[WHAT THE EXERCISE ASKS]: Wherever a line in the records below contains "True", copy that line.

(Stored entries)

============================================================

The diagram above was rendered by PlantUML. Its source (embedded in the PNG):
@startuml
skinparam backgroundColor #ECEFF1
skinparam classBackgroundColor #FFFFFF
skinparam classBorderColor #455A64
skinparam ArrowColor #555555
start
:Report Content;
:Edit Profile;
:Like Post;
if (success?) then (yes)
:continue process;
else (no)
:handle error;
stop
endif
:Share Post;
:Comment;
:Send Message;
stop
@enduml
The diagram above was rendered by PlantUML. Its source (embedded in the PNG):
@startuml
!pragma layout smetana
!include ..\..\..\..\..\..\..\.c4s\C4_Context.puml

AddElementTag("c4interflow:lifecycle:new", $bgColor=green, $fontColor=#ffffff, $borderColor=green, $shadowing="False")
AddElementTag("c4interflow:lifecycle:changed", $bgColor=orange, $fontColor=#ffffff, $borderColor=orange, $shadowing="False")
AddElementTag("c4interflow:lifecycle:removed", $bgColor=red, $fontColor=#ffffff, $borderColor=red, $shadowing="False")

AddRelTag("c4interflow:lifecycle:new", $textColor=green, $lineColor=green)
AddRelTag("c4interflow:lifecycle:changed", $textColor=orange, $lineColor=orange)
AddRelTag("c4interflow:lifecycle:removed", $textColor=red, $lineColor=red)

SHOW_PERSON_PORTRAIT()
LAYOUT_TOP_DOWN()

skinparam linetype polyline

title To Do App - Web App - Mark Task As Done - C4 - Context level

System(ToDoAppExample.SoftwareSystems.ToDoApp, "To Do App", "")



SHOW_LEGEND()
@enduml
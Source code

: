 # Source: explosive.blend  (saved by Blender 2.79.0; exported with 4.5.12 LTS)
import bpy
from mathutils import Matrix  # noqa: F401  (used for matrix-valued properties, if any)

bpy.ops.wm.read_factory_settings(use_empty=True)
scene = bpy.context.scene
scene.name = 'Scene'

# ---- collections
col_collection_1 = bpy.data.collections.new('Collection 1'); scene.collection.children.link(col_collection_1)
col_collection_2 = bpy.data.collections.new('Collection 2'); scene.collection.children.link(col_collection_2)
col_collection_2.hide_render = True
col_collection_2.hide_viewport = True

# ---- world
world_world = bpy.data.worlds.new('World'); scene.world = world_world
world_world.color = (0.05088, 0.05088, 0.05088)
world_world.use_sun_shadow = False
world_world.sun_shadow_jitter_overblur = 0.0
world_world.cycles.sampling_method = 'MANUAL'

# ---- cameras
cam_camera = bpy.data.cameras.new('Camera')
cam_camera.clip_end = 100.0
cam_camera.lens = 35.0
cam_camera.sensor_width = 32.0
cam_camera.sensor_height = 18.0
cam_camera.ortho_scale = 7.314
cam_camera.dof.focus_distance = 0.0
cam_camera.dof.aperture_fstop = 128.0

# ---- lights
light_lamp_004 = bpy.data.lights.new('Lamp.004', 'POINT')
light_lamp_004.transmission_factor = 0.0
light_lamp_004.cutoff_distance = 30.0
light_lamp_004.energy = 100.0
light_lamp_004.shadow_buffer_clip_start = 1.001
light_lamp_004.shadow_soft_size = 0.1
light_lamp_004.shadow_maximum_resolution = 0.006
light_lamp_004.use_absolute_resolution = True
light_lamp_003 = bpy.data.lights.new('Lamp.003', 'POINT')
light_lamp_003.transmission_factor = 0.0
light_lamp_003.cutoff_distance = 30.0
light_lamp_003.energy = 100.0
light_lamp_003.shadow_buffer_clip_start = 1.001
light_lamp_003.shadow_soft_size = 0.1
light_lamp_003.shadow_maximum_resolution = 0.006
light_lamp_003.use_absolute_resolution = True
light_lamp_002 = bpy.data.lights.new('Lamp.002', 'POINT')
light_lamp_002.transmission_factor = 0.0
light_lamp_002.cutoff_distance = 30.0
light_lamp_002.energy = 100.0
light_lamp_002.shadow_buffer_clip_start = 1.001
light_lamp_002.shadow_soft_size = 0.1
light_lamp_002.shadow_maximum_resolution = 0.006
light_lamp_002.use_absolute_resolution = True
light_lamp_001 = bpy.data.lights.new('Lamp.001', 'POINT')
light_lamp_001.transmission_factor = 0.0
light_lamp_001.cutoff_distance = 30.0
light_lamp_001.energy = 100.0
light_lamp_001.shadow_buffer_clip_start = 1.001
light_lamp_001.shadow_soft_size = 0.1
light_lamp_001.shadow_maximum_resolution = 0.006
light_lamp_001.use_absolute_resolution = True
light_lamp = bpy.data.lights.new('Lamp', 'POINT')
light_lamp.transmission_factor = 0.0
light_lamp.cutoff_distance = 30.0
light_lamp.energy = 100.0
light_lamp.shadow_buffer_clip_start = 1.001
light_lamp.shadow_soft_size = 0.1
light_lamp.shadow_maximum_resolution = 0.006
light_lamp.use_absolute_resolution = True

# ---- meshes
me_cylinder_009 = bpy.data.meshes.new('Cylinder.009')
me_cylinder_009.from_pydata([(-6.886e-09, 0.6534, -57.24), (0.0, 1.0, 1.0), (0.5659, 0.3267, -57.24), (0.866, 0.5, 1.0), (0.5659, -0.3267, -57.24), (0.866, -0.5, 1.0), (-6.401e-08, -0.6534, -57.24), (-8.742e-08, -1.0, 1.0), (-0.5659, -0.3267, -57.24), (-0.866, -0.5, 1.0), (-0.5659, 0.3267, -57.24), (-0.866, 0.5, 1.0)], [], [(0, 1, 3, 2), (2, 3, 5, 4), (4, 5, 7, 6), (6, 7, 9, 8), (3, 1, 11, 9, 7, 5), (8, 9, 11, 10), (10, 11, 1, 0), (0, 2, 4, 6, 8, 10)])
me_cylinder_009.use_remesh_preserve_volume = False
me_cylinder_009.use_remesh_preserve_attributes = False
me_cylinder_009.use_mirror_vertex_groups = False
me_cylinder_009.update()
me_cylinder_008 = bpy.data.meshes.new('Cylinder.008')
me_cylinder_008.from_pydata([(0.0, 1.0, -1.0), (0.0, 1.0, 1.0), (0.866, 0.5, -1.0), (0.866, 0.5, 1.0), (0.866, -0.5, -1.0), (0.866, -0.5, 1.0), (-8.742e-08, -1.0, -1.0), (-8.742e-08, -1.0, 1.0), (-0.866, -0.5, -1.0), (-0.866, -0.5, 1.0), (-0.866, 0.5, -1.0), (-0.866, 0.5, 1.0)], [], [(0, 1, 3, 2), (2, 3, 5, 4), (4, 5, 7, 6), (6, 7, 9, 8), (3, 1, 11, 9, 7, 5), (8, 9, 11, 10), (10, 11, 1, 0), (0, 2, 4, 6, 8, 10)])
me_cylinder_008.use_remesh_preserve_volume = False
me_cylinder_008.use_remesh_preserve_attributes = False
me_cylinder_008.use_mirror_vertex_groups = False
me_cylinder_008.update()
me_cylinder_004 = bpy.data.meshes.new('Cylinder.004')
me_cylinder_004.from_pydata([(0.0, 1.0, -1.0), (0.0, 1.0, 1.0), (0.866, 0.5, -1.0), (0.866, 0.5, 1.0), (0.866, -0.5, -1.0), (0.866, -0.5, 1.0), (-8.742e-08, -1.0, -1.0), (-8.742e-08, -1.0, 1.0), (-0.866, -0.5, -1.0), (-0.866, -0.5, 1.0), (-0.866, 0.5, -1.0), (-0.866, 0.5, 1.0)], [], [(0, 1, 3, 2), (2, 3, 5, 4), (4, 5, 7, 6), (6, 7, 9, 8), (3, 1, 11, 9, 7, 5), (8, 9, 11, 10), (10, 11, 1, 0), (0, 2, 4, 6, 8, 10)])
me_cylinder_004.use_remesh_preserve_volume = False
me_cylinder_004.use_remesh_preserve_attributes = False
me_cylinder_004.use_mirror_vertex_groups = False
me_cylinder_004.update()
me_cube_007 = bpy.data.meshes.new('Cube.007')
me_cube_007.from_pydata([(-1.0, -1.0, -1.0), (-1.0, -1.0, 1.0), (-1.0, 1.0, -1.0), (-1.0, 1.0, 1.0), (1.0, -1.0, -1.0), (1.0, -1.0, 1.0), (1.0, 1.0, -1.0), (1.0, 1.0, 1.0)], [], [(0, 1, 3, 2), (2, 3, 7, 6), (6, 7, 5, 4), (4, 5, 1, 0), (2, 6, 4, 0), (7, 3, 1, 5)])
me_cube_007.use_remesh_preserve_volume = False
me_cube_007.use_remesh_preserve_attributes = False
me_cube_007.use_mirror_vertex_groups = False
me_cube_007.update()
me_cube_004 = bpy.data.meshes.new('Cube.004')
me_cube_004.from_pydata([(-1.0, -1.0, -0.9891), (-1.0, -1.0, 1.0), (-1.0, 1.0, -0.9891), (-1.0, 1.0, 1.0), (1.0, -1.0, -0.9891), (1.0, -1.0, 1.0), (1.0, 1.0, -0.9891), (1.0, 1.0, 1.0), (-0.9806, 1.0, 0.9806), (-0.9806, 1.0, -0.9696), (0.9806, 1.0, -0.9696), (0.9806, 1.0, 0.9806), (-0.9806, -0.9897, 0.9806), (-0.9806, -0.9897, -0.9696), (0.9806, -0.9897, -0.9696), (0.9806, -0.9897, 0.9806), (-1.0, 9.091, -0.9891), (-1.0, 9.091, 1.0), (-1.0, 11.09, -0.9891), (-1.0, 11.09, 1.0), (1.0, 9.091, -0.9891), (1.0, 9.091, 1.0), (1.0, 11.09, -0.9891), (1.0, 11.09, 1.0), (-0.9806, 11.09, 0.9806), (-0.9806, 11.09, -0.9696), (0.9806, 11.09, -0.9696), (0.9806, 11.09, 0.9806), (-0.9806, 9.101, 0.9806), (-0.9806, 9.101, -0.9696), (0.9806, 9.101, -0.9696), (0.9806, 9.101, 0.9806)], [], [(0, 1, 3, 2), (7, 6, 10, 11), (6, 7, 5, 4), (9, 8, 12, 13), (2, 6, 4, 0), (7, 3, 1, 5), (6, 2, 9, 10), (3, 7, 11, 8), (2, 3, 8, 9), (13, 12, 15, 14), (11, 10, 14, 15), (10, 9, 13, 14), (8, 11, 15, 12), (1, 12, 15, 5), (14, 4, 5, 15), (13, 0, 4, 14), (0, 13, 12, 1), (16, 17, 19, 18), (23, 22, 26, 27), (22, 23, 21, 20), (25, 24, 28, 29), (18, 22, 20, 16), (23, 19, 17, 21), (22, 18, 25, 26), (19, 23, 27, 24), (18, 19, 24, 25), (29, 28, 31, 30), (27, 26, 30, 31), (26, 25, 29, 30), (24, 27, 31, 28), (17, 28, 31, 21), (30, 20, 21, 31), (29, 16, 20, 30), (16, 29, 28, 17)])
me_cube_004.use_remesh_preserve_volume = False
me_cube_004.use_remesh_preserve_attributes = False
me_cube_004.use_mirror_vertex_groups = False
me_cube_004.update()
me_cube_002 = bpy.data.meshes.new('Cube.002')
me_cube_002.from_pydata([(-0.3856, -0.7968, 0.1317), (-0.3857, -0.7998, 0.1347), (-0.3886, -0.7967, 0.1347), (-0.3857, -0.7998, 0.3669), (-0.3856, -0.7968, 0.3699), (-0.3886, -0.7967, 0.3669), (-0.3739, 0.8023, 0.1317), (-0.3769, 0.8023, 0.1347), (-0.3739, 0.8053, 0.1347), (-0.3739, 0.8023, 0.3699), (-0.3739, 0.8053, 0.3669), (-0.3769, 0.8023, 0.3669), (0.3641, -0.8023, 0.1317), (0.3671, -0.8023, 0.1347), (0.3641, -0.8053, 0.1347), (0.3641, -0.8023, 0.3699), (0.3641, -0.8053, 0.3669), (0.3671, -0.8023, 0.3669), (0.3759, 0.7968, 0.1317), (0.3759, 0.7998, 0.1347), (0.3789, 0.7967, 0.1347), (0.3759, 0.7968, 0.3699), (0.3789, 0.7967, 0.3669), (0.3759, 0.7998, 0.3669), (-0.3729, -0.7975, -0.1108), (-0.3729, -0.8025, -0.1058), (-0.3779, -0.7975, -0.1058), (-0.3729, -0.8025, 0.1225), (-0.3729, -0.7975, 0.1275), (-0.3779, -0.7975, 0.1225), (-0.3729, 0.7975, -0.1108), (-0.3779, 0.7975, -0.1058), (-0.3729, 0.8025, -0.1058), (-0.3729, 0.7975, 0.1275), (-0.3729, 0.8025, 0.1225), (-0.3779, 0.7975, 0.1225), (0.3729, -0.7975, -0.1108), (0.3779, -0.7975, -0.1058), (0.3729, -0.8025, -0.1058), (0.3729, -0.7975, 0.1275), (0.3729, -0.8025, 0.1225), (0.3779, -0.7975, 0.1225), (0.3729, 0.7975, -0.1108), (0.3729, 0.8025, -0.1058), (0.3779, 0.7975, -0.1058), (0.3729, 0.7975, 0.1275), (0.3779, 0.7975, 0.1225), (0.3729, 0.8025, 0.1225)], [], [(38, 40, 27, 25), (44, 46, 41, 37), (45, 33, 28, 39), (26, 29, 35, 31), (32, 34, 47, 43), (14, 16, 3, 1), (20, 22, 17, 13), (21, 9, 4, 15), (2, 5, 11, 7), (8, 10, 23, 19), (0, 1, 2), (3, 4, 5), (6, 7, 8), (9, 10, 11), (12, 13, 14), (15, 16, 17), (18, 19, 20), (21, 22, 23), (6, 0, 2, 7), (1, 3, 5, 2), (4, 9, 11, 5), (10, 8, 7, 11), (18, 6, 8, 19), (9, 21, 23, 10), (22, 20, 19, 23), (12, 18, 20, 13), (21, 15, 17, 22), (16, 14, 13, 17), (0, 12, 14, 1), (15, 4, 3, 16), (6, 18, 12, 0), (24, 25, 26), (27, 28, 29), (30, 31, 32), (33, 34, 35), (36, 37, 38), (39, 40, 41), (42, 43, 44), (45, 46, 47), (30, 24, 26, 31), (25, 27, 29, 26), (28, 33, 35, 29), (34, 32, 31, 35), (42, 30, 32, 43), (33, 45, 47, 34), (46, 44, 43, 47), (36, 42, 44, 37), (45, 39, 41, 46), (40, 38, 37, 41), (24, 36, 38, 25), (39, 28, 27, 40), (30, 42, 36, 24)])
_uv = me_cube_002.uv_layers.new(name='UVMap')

============================================================

[TASK RESPONSE]:
bpy.ops.wm.read_factory_settings(use_empty=True)
col_collection_2.hide_render = True
col_collection_2.hide_viewport = True
light_lamp_004.use_absolute_resolution = True
light_lamp_003.use_absolute_resolution = True
light_lamp_002.use_absolute_resolution = True
light_lamp_001.use_absolute_resolution = True
light_lamp.use_absolute_resolution = True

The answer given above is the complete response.